Only juveniles who are suspected of committing status or misdemeanor offenses, such as curfew violations or shoplifting, will go through the center, he said. Repeat and serious offenders will be sent to Family Court.

"The center will be a place where juveniles are routed through after arrests or referrals," he said. "They will be assessed as to what kind of available program, whether it be counseling or something else, is appropriate depending on their situation."

Police officers may not have "the expertise to know what makes a person tick, when it comes to dealing with juveniles," he said. Officers in the juvenile division receive training but HPD's five-year rotation policy routinely transfers experienced officers to other divisions, he said.

Counselors, trained to assess the needs of juveniles, will decide on the proper actions depending on an offender's history and problems, Huber said. Counselors also will provide follow-up counseling to teens and their parents.

The center will help free an overloaded court system and enable more officers to engage in other juvenile delinquency prevention programs, Huber said.

The department has budgeted $700,000 out of a $1 million federal grant for the yearly operation of the center, Huber said. The grant is part of a $1.7 million two-year grant awarded to the state to address juvenile delinquency.

The $1.7 million grant is administered through the state Office of Youth Services. The money is distributed to the counties for programs that make juveniles more accountable for their wrongdoing, said Suzanne Toguchi, the office's children and youth specialist.

The other counties' programs will include:

Bullet Maui: About $129,000 for a program that teaches juvenile offenders the consequences of their behavior by imposing immediate sanction when appropriate.
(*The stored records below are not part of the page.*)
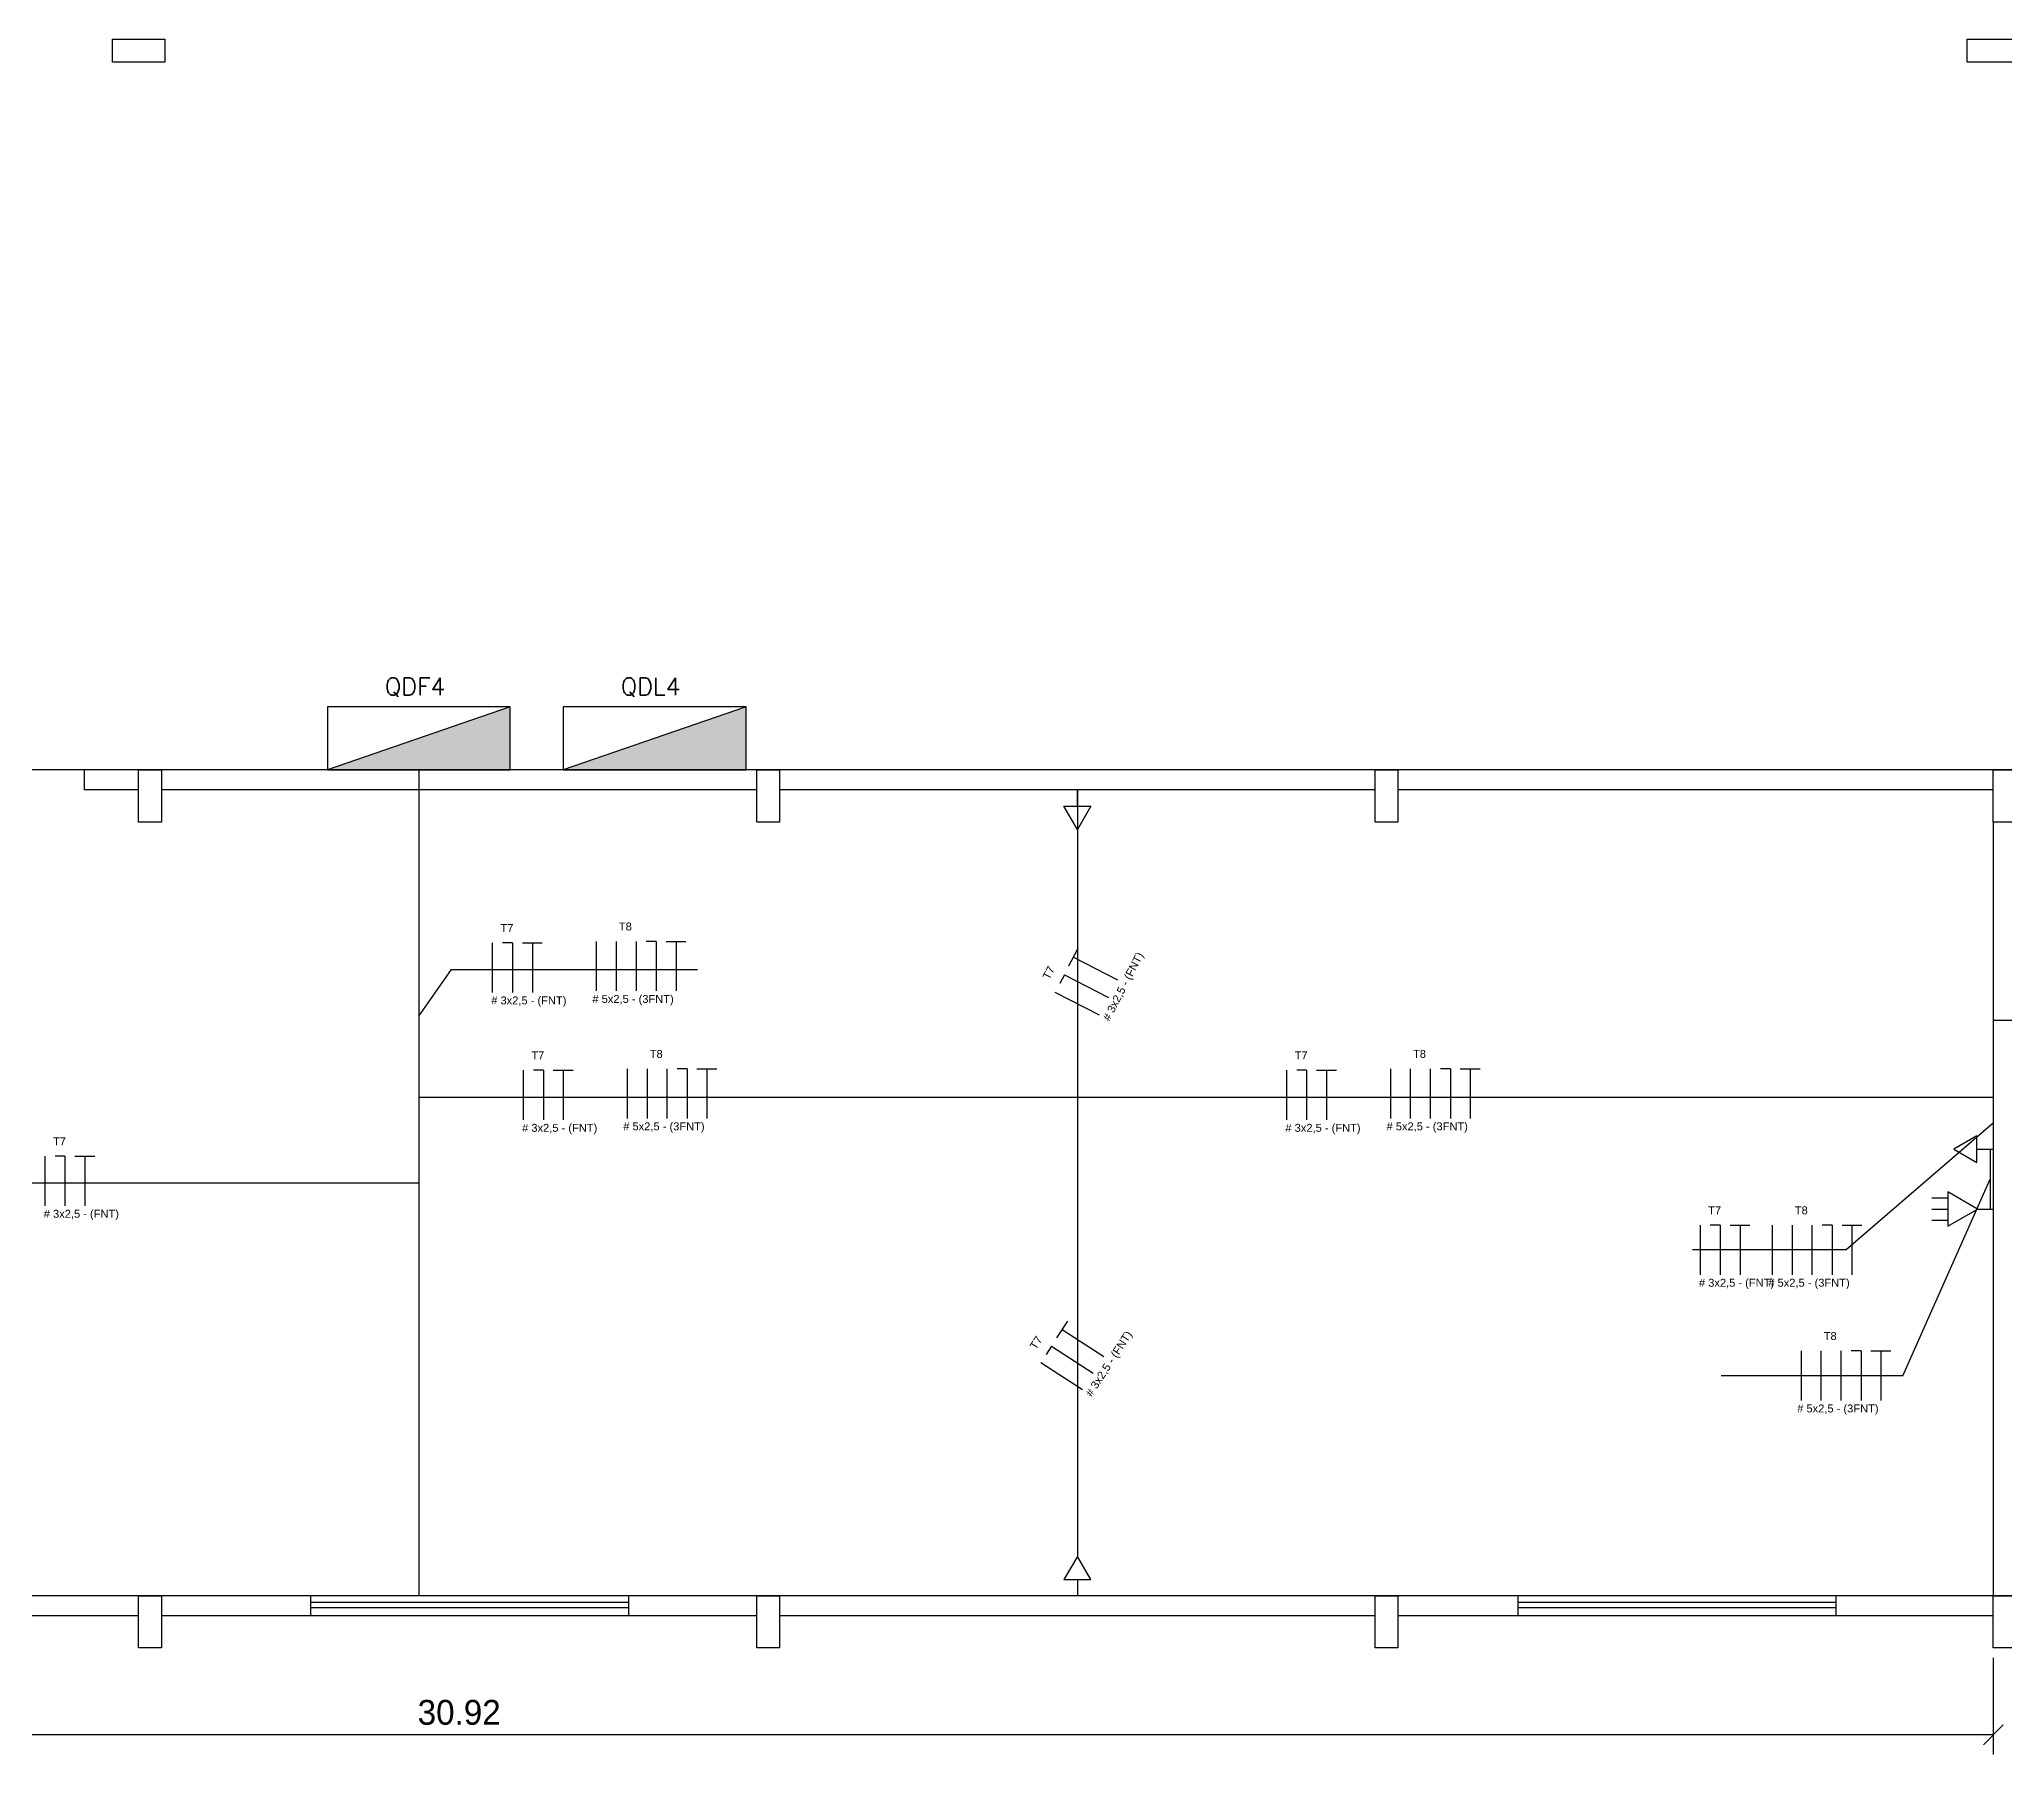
# Model space of a CAD drawing. Extents: x 196 to 412, y 12 to 135.
# Drawn here: x 374.23 to 394.03, y 78.05 to 95.33 of the extents above; entities that cross this region are included whole.
import ezdxf

# ---------------------------------------------------------------- set-up
doc = ezdxf.new("R2010")
doc.units = 0
doc.header["$MEASUREMENT"] = 0
doc.layers.get('0').update_dxf_attribs({"linetype": 'CONTINUOUS'})
doc.layers.get('DEFPOINTS').update_dxf_attribs({"linetype": 'CONTINUOUS'})
for name, color, linetype in [('_ARQ', 5, 'CONTINUOUS'), ('_COTAS', 4, 'CONTINUOUS'), ('_ELT-PONTO', 2, 'CONTINUOUS'), ('_ELT-PONTO-TEXTO', 4, 'CONTINUOUS'), ('_ELT_ELETRODUTOS', 6, 'CONTINUOUS'), ('ELET_FIAÇÃO', 1, 'CONTINUOUS')]:
    doc.layers.add(name, color=color, linetype=linetype)
doc.styles.add('ARIAL', font='arial.ttf')
doc.styles.add('ROMANS', font='romans')
doc.dimstyles.new('LUMINOTECNICO', dxfattribs={"dimscale": 0, "dimtxt": 0.25, "dimasz": 0.2, "dimexe": 0.2, "dimexo": 0.1, "dimgap": 0.1, "dimtad": 1, "dimdsep": 46, "dimtxsty": 'Standard', "dimblk1": 'OBLIQUE', "dimblk2": 'OBLIQUE', "dimsah": 1, "dimcen": 0.2, "dimadec": 1, "dimazin": 0, "dimtfac": 1, "dimtmove": 0, "dimatfit": 3, "dimldrblk": 'OBLIQUE', "dimfxl": 1, "dimtolj": 1, "dimtzin": 0, "dimarcsym": 0})

# ---------------------------------------------------------------- blocks, each defined once
blk = doc.blocks.new('_OBLIQUE')
at = {"color": 0, "linetype": 'ByBlock'}
blk.add_line((-0.5, -0.5), (0.5, 0.5), dxfattribs=at)
blk = doc.blocks.new('*D132')
at = {"layer": '_COTAS', "color": 0, "linetype": 'Continuous', "lineweight": -2, "transparency": 16777216}
for p, q in [((362.997, 79.023), (362.997, 78.048)), ((393.914, 79.023), (393.914, 78.048)), ((393.914, 78.248), (362.997, 78.248))]:
    blk.add_line(p, q, dxfattribs=at)
at = {"layer": 'DEFPOINTS', "color": 0, "linetype": 'Continuous', "transparency": 16777216}
for p in [(362.997, 79.123), (393.914, 79.123), (362.997, 78.248)]:
    blk.add_point(p, dxfattribs=at)
at = {"layer": '_COTAS', "color": 0, "linetype": 'Continuous', "lineweight": -2, "transparency": 16777216, "xscale": 0.2, "yscale": 0.2, "zscale": 0.2, "rotation": 180}
blk.add_blockref('_OBLIQUE', (362.997, 78.248), dxfattribs=at)
at = {"layer": '_COTAS', "color": 0, "linetype": 'Continuous', "lineweight": -2, "transparency": 16777216, "xscale": 0.2, "yscale": 0.2, "zscale": 0.2}
blk.add_blockref('_OBLIQUE', (393.914, 78.248), dxfattribs=at)
at = {"layer": '_COTAS', "color": 0, "linetype": 'Continuous', "transparency": 16777216, "insert": (378.456, 78.473), "char_height": 0.25, "attachment_point": 5}
blk.add_mtext('\\A1;30.92', dxfattribs=at)
blk = doc.blocks.new('TOM_Trif_Baixa')
at = {"layer": '_ELT-PONTO'}
for p, q in [((-0.619, 0.111), (-0.459, 0.111)), ((-0.619, 0), (-0.459, 0)), ((-0.16, 0), (0, 0)), ((-0.619, -0.111), (-0.459, -0.111))]:
    blk.add_line(p, q, dxfattribs=at)
blk.add_lwpolyline([(-0.16, 0), (-0.459, 0.172), (-0.459, -0.172)], close=True, dxfattribs=at)
blk = doc.blocks.new('TOM_Monof_baixa')
at = {"layer": '_ELT-PONTO'}
for p, q in [((0.166, 0), (0, 0)), ((0.399, 0), (0.166, 0.135)), ((0.166, 0.135), (0.166, -0.135)), ((0.166, -0.135), (0.399, 0))]:
    blk.add_line(p, q, dxfattribs=at)
blk = doc.blocks.new('FIACAO_LAMP_FNT')
at = {"layer": 'ELET_FIAÇÃO', "color": 4, "linetype": 'Continuous'}
for p, q in [((0, -0.25), (0, 0.25)), ((0.2, 0.25), (0.1, 0.25)), ((0.2, 0.25), (0.2, -0.25)), ((0.3, 0.25), (0.5, 0.25)), ((0.4, 0.25), (0.4, -0.25))]:
    blk.add_line(p, q, dxfattribs=at)
at = {"layer": 'ELET_FIAÇÃO', "color": 4, "linetype": 'Continuous', "style": 'ARIAL'}
for tag, p in [('C', (0.079, 0.36)), ('B', (-0.014, -0.37))]:
    blk.add_attdef(tag, p, '', height=0.08, dxfattribs=at)
blk = doc.blocks.new('FIACAO_LAMP_ELETRO_3FNT')
at = {"layer": 'ELET_FIAÇÃO', "color": 4, "linetype": 'Continuous'}
for p, q in [((0, -0.25), (0, 0.25)), ((0.2, -0.25), (0.2, 0.25)), ((0.4, -0.25), (0.4, 0.25)), ((0.6, 0.25), (0.5, 0.25)), ((0.6, 0.25), (0.6, -0.25)), ((0.7, 0.25), (0.9, 0.25)), ((0.8, 0.25), (0.8, -0.25))]:
    blk.add_line(p, q, dxfattribs=at)
at = {"layer": 'ELET_FIAÇÃO', "color": 4, "linetype": 'Continuous', "style": 'ARIAL'}
for tag, p in [('C', (0.224, 0.36)), ('B', (-0.043, -0.37))]:
    blk.add_attdef(tag, p, '', height=0.08, dxfattribs=at)

msp = doc.modelspace()

# ---------------------------------------------------------------- hatches: boundary and pattern name
at = {"layer": '_ELT-PONTO', "linetype": 'Continuous'}
for points in [[(378.969, 87.972), (378.969, 88.608), (377.128, 87.972)], [(381.346, 87.972), (381.346, 88.608), (379.505, 87.972)]]:
    msp.add_hatch(color=256, dxfattribs=at).paths.add_polyline_path(points)

# ---------------------------------------------------------------- linework, layer by layer
at = {"layer": '_ARQ'}
for p, q in [((400.141, 87.972), (356.768, 87.972)), ((375.226, 87.772), (374.678, 87.772)), ((381.456, 87.772), (375.456, 87.772)), ((387.685, 87.772), (381.685, 87.772)), ((393.914, 87.772), (387.914, 87.772)), ((409.943, 79.647), (356.768, 79.647)), ((376.962, 79.447), (376.962, 79.65)), ((380.162, 79.65), (380.162, 79.447)), ((389.126, 79.447), (389.126, 79.65)), ((392.326, 79.65), (392.326, 79.447)), ((375.226, 79.447), (369.226, 79.447)), ((381.456, 79.447), (375.456, 79.447)), ((376.962, 79.585), (380.159, 79.585)), ((376.962, 79.532), (380.159, 79.532)), ((387.685, 79.447), (381.685, 79.447)), ((393.914, 79.447), (387.914, 79.447)), ((389.126, 79.585), (392.323, 79.585)), ((389.126, 79.532), (392.323, 79.532))]:
    msp.add_line(p, q, dxfattribs=at)
at = {"layer": '_ARQ', "linetype": 'Continuous'}
for p, q in [((374.678, 87.972), (374.678, 87.772)), ((393.914, 87.447), (393.914, 79.647)), ((394.143, 85.447), (393.914, 85.447))]:
    msp.add_line(p, q, dxfattribs=at)
at = {"layer": '_ARQ'}
for points in [[(374.964, 95.335), (375.489, 95.335), (375.489, 95.106), (374.964, 95.106)], [(393.652, 95.335), (394.176, 95.335), (394.176, 95.106), (393.652, 95.106)], [(375.456, 87.972), (375.456, 87.447), (375.226, 87.447), (375.226, 87.972)], [(381.685, 87.972), (381.685, 87.447), (381.456, 87.447), (381.456, 87.972)], [(387.914, 87.972), (387.914, 87.447), (387.685, 87.447), (387.685, 87.972)], [(394.143, 87.972), (394.143, 87.447), (393.914, 87.447), (393.914, 87.972)], [(375.456, 79.647), (375.456, 79.123), (375.226, 79.123), (375.226, 79.647)], [(381.685, 79.647), (381.685, 79.123), (381.456, 79.123), (381.456, 79.647)], [(387.914, 79.647), (387.914, 79.123), (387.685, 79.123), (387.685, 79.647)], [(394.143, 79.647), (394.143, 79.123), (393.914, 79.123), (393.914, 79.647)]]:
    msp.add_lwpolyline(points, close=True, dxfattribs=at)
at = {"layer": '_ELT-PONTO', "linetype": 'Continuous'}
for p, q in [((378.969, 88.608), (377.128, 87.972)), ((381.346, 88.608), (379.505, 87.972))]:
    msp.add_line(p, q, dxfattribs=at)
for points in [[(378.969, 87.972), (378.969, 88.608), (377.128, 88.608), (377.128, 87.972)], [(381.346, 87.972), (381.346, 88.608), (379.505, 88.608), (379.505, 87.972)]]:
    msp.add_lwpolyline(points, close=True, dxfattribs=at)
at = {"layer": '_ELT_ELETRODUTOS', "linetype": 'Continuous'}
for p, q in [((378.049, 87.972), (378.049, 79.647)), ((384.685, 87.772), (384.685, 80.046)), ((378.049, 85.489), (378.377, 85.959)), ((378.377, 85.959), (380.856, 85.959)), ((378.049, 84.675), (391.065, 84.675)), ((391.065, 84.675), (393.914, 84.675)), ((393.914, 84.675), (393.914, 84.148)), ((393.914, 84.411), (392.433, 83.134)), ((393.883, 84.148), (393.883, 83.549)), ((378.049, 83.809), (365.258, 83.809)), ((393.004, 81.867), (393.883, 83.848)), ((392.433, 83.134), (390.882, 83.134)), ((393.004, 81.867), (391.173, 81.867))]:
    msp.add_line(p, q, dxfattribs=at)

# ---------------------------------------------------------------- block references
at = {"layer": '_COTAS', "linetype": 'Continuous', "xscale": -1, "rotation": 90}
msp.add_blockref('TOM_Monof_baixa', (384.685, 87.772), dxfattribs=at)
at = {"layer": '_COTAS', "linetype": 'Continuous'}
for p, rotation in [((393.914, 84.149), 180), ((384.685, 79.647), 89.99999999999999)]:
    msp.add_blockref('TOM_Monof_baixa', p, dxfattribs=dict(at, rotation=rotation))
msp.add_blockref('TOM_Trif_Baixa', (393.914, 83.547), dxfattribs=at)
at = {"layer": '_ELT_ELETRODUTOS', "linetype": 'Continuous'}
for name, p, values in [('FIACAO_LAMP_FNT', (378.793, 85.979), {'B': '# 3x2,5 - (FNT)', 'C': 'T7'}), ('FIACAO_LAMP_ELETRO_3FNT', (379.841, 85.994), {'C': 'T8', 'B': '# 5x2,5 - (3FNT)'}), ('FIACAO_LAMP_FNT', (379.104, 84.695), {'B': '# 3x2,5 - (FNT)', 'C': 'T7'}), ('FIACAO_LAMP_ELETRO_3FNT', (380.152, 84.71), {'C': 'T8', 'B': '# 5x2,5 - (3FNT)'}), ('FIACAO_LAMP_FNT', (386.795, 84.695), {'B': '# 3x2,5 - (FNT)', 'C': 'T7'}), ('FIACAO_LAMP_ELETRO_3FNT', (387.843, 84.71), {'C': 'T8', 'B': '# 5x2,5 - (3FNT)'}), ('FIACAO_LAMP_FNT', (374.284, 83.829), {'B': '# 3x2,5 - (FNT)', 'C': 'T7'}), ('FIACAO_LAMP_FNT', (390.962, 83.134), {'B': '# 3x2,5 - (FNT)', 'C': 'T7'}), ('FIACAO_LAMP_ELETRO_3FNT', (391.69, 83.134), {'C': 'T8', 'B': '# 5x2,5 - (3FNT)'}), ('FIACAO_LAMP_ELETRO_3FNT', (391.981, 81.867), {'C': 'T8', 'B': '# 5x2,5 - (3FNT)'})]:
    msp.add_blockref(name, p, dxfattribs=at).add_auto_attribs(values)
for p, rotation in [((384.685, 85.616), 62.77172013188691), ((384.526, 81.861), 57.14201556170491)]:
    msp.add_blockref('FIACAO_LAMP_FNT', p, dxfattribs=dict(at, rotation=rotation)).add_auto_attribs({'B': '# 3x2,5 - (FNT)', 'C': 'T7'})

# ---------------------------------------------------------------- texts
at = {"layer": '_ELT-PONTO-TEXTO', "style": 'ROMANS'}
for s, p in [('QDF4', (377.707, 88.725)), ('QDL4', (380.084, 88.725))]:
    msp.add_text(s, height=0.176, dxfattribs=at).set_placement(p)

# ---------------------------------------------------------------- dimensions: what is measured, and where the dimension line sits
at = {"layer": '_COTAS', "linetype": 'Continuous'}
dim = msp.add_linear_dim(base=(362.997, 78.248), p1=(393.914, 79.123), p2=(362.997, 79.123), dimstyle='LUMINOTECNICO', override={"dimscale": 1}, dxfattribs=at)
dim.commit()
dim.dimension.update_dxf_attribs({"geometry": '*D132', "text_midpoint": (378.456, 78.473)})

doc.saveas('drawing.dxf')

Bullet Hawaii: About $180,000 for a feasibility study of a drug court program to better address juvenile drug abuse.

Bullet Kauai: About $57,000 for its two-year-old teen court program that uses juveniles in the roles of jurors and attorneys to determine the punishment.

The grants are supported through the Juvenile Accountability Incentive Block Grant. Bert Matsuoka, Youth Services executive director, said he was not certain of a connection between Hawaii's declining juvenile crime rate and the grants. But, he said, the funds will help sustain the trend by supporting programs that reduce the likelihood of continued delinquency.